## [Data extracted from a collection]

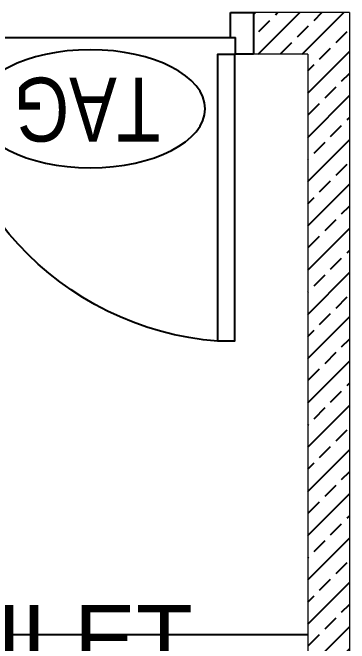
# Model space of a CAD drawing. Header units: millimetres. Extents: x 1255966 to 1543012, y 318612 to 465611.
# Drawn here: x 1411163 to 1411971, y 417077 to 418589 of the extents above; entities that cross this region are included whole.
import ezdxf
from ezdxf.enums import TextEntityAlignment as Align

# ---------------------------------------------------------------- set-up
doc = ezdxf.new("R2010")
doc.units = ezdxf.units.MM
doc.header["$LTSCALE"] = 500
doc.header["$MEASUREMENT"] = 0
doc.layers.get('Defpoints').update_dxf_attribs({"lineweight": 0})
for name, color, linetype in [('AHC-A-FURNITURE', 2, 'Continuous'), ('DOOR', 8, 'Continuous'), ('Drop', 143, 'Continuous'), ('TEXT-RM NAME', 6, 'Continuous')]:
    doc.layers.add(name, color=color, linetype=linetype)
doc.layers.add('Wall', color=2, linetype='Continuous', lineweight=15)
doc.styles.add('simplex', font='simplex.shx')
doc.styles.get("Standard").update_dxf_attribs({"font": 'arial.ttf'})

# ---------------------------------------------------------------- blocks, each defined once
blk = doc.blocks.new('DOOR 750')
at = {"layer": 'DOOR', "ltscale": 100}
for p, q in [((0, 730), (100, 730)), ((0, 675), (0, 730)), ((100, 730), (100, 687)), ((100, 687), (60, 687)), ((60, 675), (60, 687)), ((60, 675), (0, 675)), ((60, 675), (60, -15)), ((60, -15), (0, -15)), ((0, -15), (0, -70)), ((60, -15), (60, -27)), ((100, -27), (60, -27)), ((100, -70), (100, -27)), ((0, -70), (100, -70))]:
    blk.add_line(p, q, dxfattribs=at)
blk.add_lwpolyline([(99.6, -24.6), (787.7, -24.6), (787.7, 15.4), (99.6, 15.4)], close=True, dxfattribs=at)
at = {"layer": 'DOOR', "linetype": 'Continuous'}
blk.add_arc((62, -40.9), 727.9, 4.4383, 90.1592, dxfattribs=at)
at = {"layer": 'Defpoints', "ltscale": 100, "style": 'simplex', "width": 0.8}
blk.add_attdef('D750', (284.7, 36.5), '', height=100, dxfattribs=at)

msp = doc.modelspace()

# ---------------------------------------------------------------- hatches: boundary and pattern name
at = {"layer": 'AHC-A-FURNITURE', "ltscale": 50, "true_color": 0x5b5b5b}
h = msp.add_hatch(dxfattribs=at)
h.set_pattern_fill('ANSI33', color=251, scale=300)
h.set_pattern_definition([(45, (920216.684, 1257022.11), (-53.0330086, 53.0330086), []), (45, (920269.72, 1257022.11), (-53.0330086, 53.0330086), [37.5, -18.75])])
h.paths.add_polyline_path([(1410345.6, 418588.9), (1410940.6, 418588.9), (1410940.6, 418488.9), (1410345.6, 418488.9)])
h.paths.add_polyline_path([(1411740.6, 418588.9), (1411970.6, 418588.9), (1411970.6, 416288.9), (1411870.6, 416288.9), (1411870.6, 418488.9), (1411740.6, 418488.9)])

# ---------------------------------------------------------------- linework, layer by layer
at = {"linetype": 'Continuous', "extrusion": (0, 0, -1)}
msp.add_ellipse((1411348.9, 418358.5), major_axis=(-275.7, 0), ratio=0.512885, dxfattribs=at)
at = {"layer": 'Drop'}
msp.add_line((1410345.6, 417098.9, 0), (1411870.6, 417098.9, 0), dxfattribs=at)
at = {"layer": 'Wall'}
for p, q in [((1411970.6, 418588.9), (1411740.6, 418588.9)), ((1411740.6, 418588.9), (1411740.6, 418488.9)), ((1411970.6, 418588.9), (1411970.6, 416288.9)), ((1411870.6, 418488.9), (1411740.6, 418488.9)), ((1411870.6, 418488.9), (1411870.6, 416288.9))]:
    msp.add_line(p, q, dxfattribs=at)

# ---------------------------------------------------------------- block references
at = {"layer": 'DOOR', "xscale": -1, "rotation": 90}
msp.add_blockref('DOOR 750', (1411670.6, 418588.9), dxfattribs=at)

# ---------------------------------------------------------------- texts
at = {"width": 0.8}
msp.add_attdef('TAG', text='', height=153.1, rotation=180, dxfattribs=at).set_placement((1411341.1, 418356.5), align=Align.MIDDLE_CENTER)
at = {"layer": 'TEXT-RM NAME'}
msp.add_text('TOILET', height=160, rotation=360, dxfattribs=at).set_placement((1410812.8, 417009.2))

doc.saveas('drawing.dxf')

## [What is required]
Using the data above, reproduce exactly the lines between those holding "color=2, linetype='Continuous', lineweight=15)" and "blk = doc.blocks.new('DOOR 750')", inclusive, and no others.

## [Task result]
doc.layers.add('Wall', color=2, linetype='Continuous', lineweight=15)
doc.styles.add('simplex', font='simplex.shx')
doc.styles.get("Standard").update_dxf_attribs({"font": 'arial.ttf'})

# ---------------------------------------------------------------- blocks, each defined once
blk = doc.blocks.new('DOOR 750')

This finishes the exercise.